Within the entries below, the lines from the one with "#20=DIRECTION('',(1.,0.,0.));" through the one with "#82=DIRECTION('',(0.,0.,1.));" are to be set down exactly, both ends kept.

## Supplied material

======

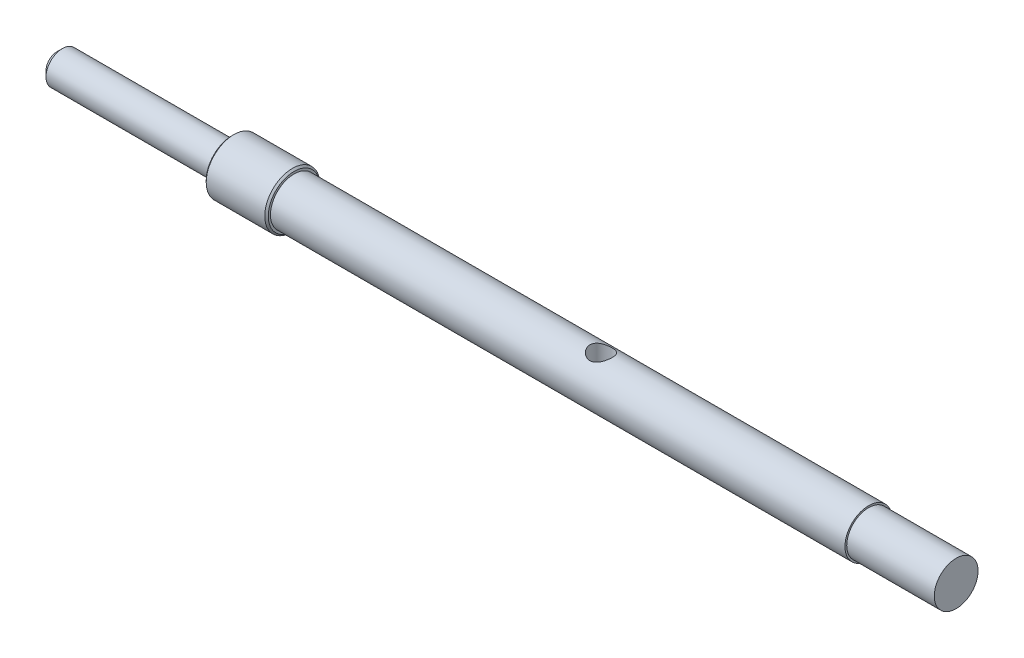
ISO-10303-21;
HEADER;
FILE_DESCRIPTION(('STEP AP214'),'2;1');
FILE_NAME('part.step','',(''),(''),'','','');
FILE_SCHEMA(('AUTOMOTIVE_DESIGN { 1 0 10303 214 1 1 1 1 }'));
ENDSEC;
DATA;
#1=APPLICATION_CONTEXT('core data for automotive mechanical design processes');
#2=APPLICATION_PROTOCOL_DEFINITION('international standard','automotive_design',2000,#1);
#3=PRODUCT_CONTEXT('',#1,'mechanical');
#4=PRODUCT('Part','Part','',(#3));
#5=PRODUCT_RELATED_PRODUCT_CATEGORY('part','',(#4));
#6=PRODUCT_DEFINITION_FORMATION('','',#4);
#7=PRODUCT_DEFINITION_CONTEXT('part definition',#1,'design');
#8=PRODUCT_DEFINITION('design','',#6,#7);
#9=PRODUCT_DEFINITION_SHAPE('','',#8);
#10=(LENGTH_UNIT() NAMED_UNIT(*) SI_UNIT(.MILLI.,.METRE.));
#11=(NAMED_UNIT(*) PLANE_ANGLE_UNIT() SI_UNIT($,.RADIAN.));
#12=(NAMED_UNIT(*) SI_UNIT($,.STERADIAN.) SOLID_ANGLE_UNIT());
#13=UNCERTAINTY_MEASURE_WITH_UNIT(LENGTH_MEASURE(1.E-05),#10,'distance_accuracy_value','');
#14=(GEOMETRIC_REPRESENTATION_CONTEXT(3) GLOBAL_UNCERTAINTY_ASSIGNED_CONTEXT((#13)) GLOBAL_UNIT_ASSIGNED_CONTEXT((#10,
#11,#12)) REPRESENTATION_CONTEXT('',''));
#15=CARTESIAN_POINT('',(0.,0.,0.));
#16=DIRECTION('',(0.,0.,1.));
#17=DIRECTION('',(1.,0.,0.));
#18=AXIS2_PLACEMENT_3D('',#15,#16,#17);
#19=CARTESIAN_POINT('',(0.,2.38125,0.));
#20=DIRECTION('',(1.,0.,0.));
#21=DIRECTION('',(0.,0.,-1.));
#22=AXIS2_PLACEMENT_3D('',#19,#20,#21);
#23=PLANE('',#22);
#24=CARTESIAN_POINT('',(0.,0.,0.));
#25=DIRECTION('',(1.,0.,0.));
#26=DIRECTION('',(0.,0.,-1.));
#27=AXIS2_PLACEMENT_3D('',#24,#25,#26);
#28=CIRCLE('',#27,3.74586500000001);
#29=CARTESIAN_POINT('',(0.,0.,-3.74586500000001));
#30=VERTEX_POINT('',#29);
#31=EDGE_CURVE('E56',#30,#30,#28,.F.);
#32=ORIENTED_EDGE('',*,*,#31,.T.);
#33=EDGE_LOOP('',(#32));
#34=FACE_BOUND('',#33,.T.);
#35=CARTESIAN_POINT('',(0.,0.,0.));
#36=DIRECTION('',(-1.,0.,0.));
#37=DIRECTION('',(0.,0.,1.));
#38=AXIS2_PLACEMENT_3D('',#35,#36,#37);
#39=CIRCLE('',#38,2.38125);
#40=CARTESIAN_POINT('',(0.,0.,2.38125));
#41=VERTEX_POINT('',#40);
#42=EDGE_CURVE('E145',#41,#41,#39,.T.);
#43=ORIENTED_EDGE('',*,*,#42,.F.);
#44=EDGE_LOOP('',(#43));
#45=FACE_BOUND('',#44,.T.);
#46=ADVANCED_FACE('F38',(#34,#45),#23,.F.);
#47=CARTESIAN_POINT('',(0.,0.,0.));
#48=DIRECTION('',(-1.,0.,0.));
#49=DIRECTION('',(0.,0.,1.));
#50=AXIS2_PLACEMENT_3D('',#47,#48,#49);
#51=CYLINDRICAL_SURFACE('',#50,3.999865);
#52=CARTESIAN_POINT('',(8.7460074,0.,0.));
#53=DIRECTION('',(-1.,0.,0.));
#54=DIRECTION('',(0.,0.,1.));
#55=AXIS2_PLACEMENT_3D('',#52,#53,#54);
#56=CIRCLE('',#55,3.999865);
#57=CARTESIAN_POINT('',(8.7460074,0.,3.999865));
#58=VERTEX_POINT('',#57);
#59=EDGE_CURVE('E127',#58,#58,#56,.T.);
#60=ORIENTED_EDGE('',*,*,#59,.T.);
#61=EDGE_LOOP('',(#60));
#62=FACE_BOUND('',#61,.T.);
#63=CARTESIAN_POINT('',(0.253999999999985,0.,0.));
#64=DIRECTION('',(1.,0.,0.));
#65=DIRECTION('',(0.,0.,-1.));
#66=AXIS2_PLACEMENT_3D('',#63,#64,#65);
#67=CIRCLE('',#66,3.999865);
#68=CARTESIAN_POINT('',(0.253999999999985,0.,-3.999865));
#69=VERTEX_POINT('',#68);
#70=EDGE_CURVE('E123',#69,#69,#67,.T.);
#71=ORIENTED_EDGE('',*,*,#70,.T.);
#72=EDGE_LOOP('',(#71));
#73=FACE_BOUND('',#72,.T.);
#74=ADVANCED_FACE('F100',(#62,#73),#51,.T.);
#75=CARTESIAN_POINT('',(9.0000074,3.429,0.));
#76=DIRECTION('',(-1.,0.,0.));
#77=DIRECTION('',(0.,0.,1.));
#78=AXIS2_PLACEMENT_3D('',#75,#76,#77);
#79=PLANE('',#78);
#80=CARTESIAN_POINT('',(9.0000074,0.,0.));
#81=DIRECTION('',(-1.,0.,0.));
#82=DIRECTION('',(0.,0.,1.));
#83=AXIS2_PLACEMENT_3D('',#80,#81,#82);
#84=CIRCLE('',#83,3.745865);
#85=CARTESIAN_POINT('',(9.0000074,0.,3.745865));
#86=VERTEX_POINT('',#85);
#87=EDGE_CURVE('E125',#86,#86,#84,.F.);
#88=ORIENTED_EDGE('',*,*,#87,.T.);
#89=EDGE_LOOP('',(#88));
#90=FACE_BOUND('',#89,.T.);
#91=CARTESIAN_POINT('',(9.0000074,0.,0.));
#92=DIRECTION('',(-1.,0.,0.));
#93=DIRECTION('',(0.,0.,1.));
#94=AXIS2_PLACEMENT_3D('',#91,#92,#93);
#95=CIRCLE('',#94,3.429);
#96=CARTESIAN_POINT('',(9.0000074,0.,3.429));
#97=VERTEX_POINT('',#96);
#98=EDGE_CURVE('E133',#97,#97,#95,.T.);
#99=ORIENTED_EDGE('',*,*,#98,.T.);
#100=EDGE_LOOP('',(#99));
#101=FACE_BOUND('',#100,.T.);
#102=ADVANCED_FACE('F95',(#90,#101),#79,.F.);
#103=CARTESIAN_POINT('',(0.,0.,0.));
#104=DIRECTION('',(-1.,0.,0.));
#105=DIRECTION('',(0.,0.,1.));
#106=AXIS2_PLACEMENT_3D('',#103,#104,#105);
#107=CYLINDRICAL_SURFACE('',#106,3.429);
#108=CARTESIAN_POINT('',(53.5305,-3.02936265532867,1.60655));
#109=CARTESIAN_POINT('',(53.6150042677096,-3.02936843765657,1.60654502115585));
#110=CARTESIAN_POINT('',(53.6996330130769,-3.03295093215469,1.59983925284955));
#111=CARTESIAN_POINT('',(53.8663558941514,-3.04678310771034,1.57332918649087));
#112=CARTESIAN_POINT('',(53.9484435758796,-3.05704850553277,1.5534940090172));
#113=CARTESIAN_POINT('',(54.1073658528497,-3.08280476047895,1.50172545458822));
#114=CARTESIAN_POINT('',(54.1842236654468,-3.0982704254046,1.46985031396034));
#115=CARTESIAN_POINT('',(54.3314821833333,-3.13264616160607,1.39508293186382));
#116=CARTESIAN_POINT('',(54.4018832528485,-3.15155603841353,1.35219131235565));
#117=CARTESIAN_POINT('',(54.5398393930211,-3.19235825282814,1.25298211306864));
#118=CARTESIAN_POINT('',(54.6068251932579,-3.21436728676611,1.19592054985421));
#119=CARTESIAN_POINT('',(54.7307103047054,-3.25794035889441,1.07154449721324));
#120=CARTESIAN_POINT('',(54.7876050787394,-3.279504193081,1.00422542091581));
#121=CARTESIAN_POINT('',(54.8928784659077,-3.32124112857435,0.85651165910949));
#122=CARTESIAN_POINT('',(54.9405803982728,-3.34126325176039,0.775588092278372));
#123=CARTESIAN_POINT('',(55.0214382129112,-3.37618130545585,0.605752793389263));
#124=CARTESIAN_POINT('',(55.0546021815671,-3.39108008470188,0.516845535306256));
#125=CARTESIAN_POINT('',(55.1032652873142,-3.41323754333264,0.339577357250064));
#126=CARTESIAN_POINT('',(55.1197560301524,-3.42092283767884,0.251543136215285));
#127=CARTESIAN_POINT('',(55.1378458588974,-3.42936299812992,0.073646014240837));
#128=CARTESIAN_POINT('',(55.1394527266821,-3.43012148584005,-0.0162159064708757));
#129=CARTESIAN_POINT('',(55.1281668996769,-3.42484464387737,-0.187861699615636));
#130=CARTESIAN_POINT('',(55.1163752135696,-3.4193251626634,-0.269737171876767));
#131=CARTESIAN_POINT('',(55.0805641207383,-3.40286421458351,-0.430188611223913));
#132=CARTESIAN_POINT('',(55.0565438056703,-3.39192234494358,-0.50876433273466));
#133=CARTESIAN_POINT('',(54.9967350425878,-3.36543549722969,-0.661825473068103));
#134=CARTESIAN_POINT('',(54.9607768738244,-3.34982447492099,-0.736232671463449));
#135=CARTESIAN_POINT('',(54.8783133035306,-3.31545402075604,-0.878148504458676));
#136=CARTESIAN_POINT('',(54.8318040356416,-3.29669343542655,-0.94565459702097));
#137=CARTESIAN_POINT('',(54.7249631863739,-3.25593886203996,-1.07800699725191));
#138=CARTESIAN_POINT('',(54.6637893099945,-3.23380556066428,-1.14213124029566));
#139=CARTESIAN_POINT('',(54.5316504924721,-3.18989941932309,-1.25957197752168));
#140=CARTESIAN_POINT('',(54.4606796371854,-3.16812680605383,-1.31288189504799));
#141=CARTESIAN_POINT('',(54.3065318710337,-3.12625940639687,-1.40977736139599));
#142=CARTESIAN_POINT('',(54.2229199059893,-3.10630460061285,-1.45273694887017));
#143=CARTESIAN_POINT('',(54.0484808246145,-3.07214360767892,-1.52366049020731));
#144=CARTESIAN_POINT('',(53.9576604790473,-3.05793210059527,-1.55163832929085));
#145=CARTESIAN_POINT('',(53.7786072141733,-3.03830359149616,-1.58971110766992));
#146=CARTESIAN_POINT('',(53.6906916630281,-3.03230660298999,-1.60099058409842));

======

## Result of this exercise
#20=DIRECTION('',(1.,0.,0.));
#21=DIRECTION('',(0.,0.,-1.));
#22=AXIS2_PLACEMENT_3D('',#19,#20,#21);
#23=PLANE('',#22);
#24=CARTESIAN_POINT('',(0.,0.,0.));
#25=DIRECTION('',(1.,0.,0.));
#26=DIRECTION('',(0.,0.,-1.));
#27=AXIS2_PLACEMENT_3D('',#24,#25,#26);
#28=CIRCLE('',#27,3.74586500000001);
#29=CARTESIAN_POINT('',(0.,0.,-3.74586500000001));
#30=VERTEX_POINT('',#29);
#31=EDGE_CURVE('E56',#30,#30,#28,.F.);
#32=ORIENTED_EDGE('',*,*,#31,.T.);
#33=EDGE_LOOP('',(#32));
#34=FACE_BOUND('',#33,.T.);
#35=CARTESIAN_POINT('',(0.,0.,0.));
#36=DIRECTION('',(-1.,0.,0.));
#37=DIRECTION('',(0.,0.,1.));
#38=AXIS2_PLACEMENT_3D('',#35,#36,#37);
#39=CIRCLE('',#38,2.38125);
#40=CARTESIAN_POINT('',(0.,0.,2.38125));
#41=VERTEX_POINT('',#40);
#42=EDGE_CURVE('E145',#41,#41,#39,.T.);
#43=ORIENTED_EDGE('',*,*,#42,.F.);
#44=EDGE_LOOP('',(#43));
#45=FACE_BOUND('',#44,.T.);
#46=ADVANCED_FACE('F38',(#34,#45),#23,.F.);
#47=CARTESIAN_POINT('',(0.,0.,0.));
#48=DIRECTION('',(-1.,0.,0.));
#49=DIRECTION('',(0.,0.,1.));
#50=AXIS2_PLACEMENT_3D('',#47,#48,#49);
#51=CYLINDRICAL_SURFACE('',#50,3.999865);
#52=CARTESIAN_POINT('',(8.7460074,0.,0.));
#53=DIRECTION('',(-1.,0.,0.));
#54=DIRECTION('',(0.,0.,1.));
#55=AXIS2_PLACEMENT_3D('',#52,#53,#54);
#56=CIRCLE('',#55,3.999865);
#57=CARTESIAN_POINT('',(8.7460074,0.,3.999865));
#58=VERTEX_POINT('',#57);
#59=EDGE_CURVE('E127',#58,#58,#56,.T.);
#60=ORIENTED_EDGE('',*,*,#59,.T.);
#61=EDGE_LOOP('',(#60));
#62=FACE_BOUND('',#61,.T.);
#63=CARTESIAN_POINT('',(0.253999999999985,0.,0.));
#64=DIRECTION('',(1.,0.,0.));
#65=DIRECTION('',(0.,0.,-1.));
#66=AXIS2_PLACEMENT_3D('',#63,#64,#65);
#67=CIRCLE('',#66,3.999865);
#68=CARTESIAN_POINT('',(0.253999999999985,0.,-3.999865));
#69=VERTEX_POINT('',#68);
#70=EDGE_CURVE('E123',#69,#69,#67,.T.);
#71=ORIENTED_EDGE('',*,*,#70,.T.);
#72=EDGE_LOOP('',(#71));
#73=FACE_BOUND('',#72,.T.);
#74=ADVANCED_FACE('F100',(#62,#73),#51,.T.);
#75=CARTESIAN_POINT('',(9.0000074,3.429,0.));
#76=DIRECTION('',(-1.,0.,0.));
#77=DIRECTION('',(0.,0.,1.));
#78=AXIS2_PLACEMENT_3D('',#75,#76,#77);
#79=PLANE('',#78);
#80=CARTESIAN_POINT('',(9.0000074,0.,0.));
#81=DIRECTION('',(-1.,0.,0.));
#82=DIRECTION('',(0.,0.,1.));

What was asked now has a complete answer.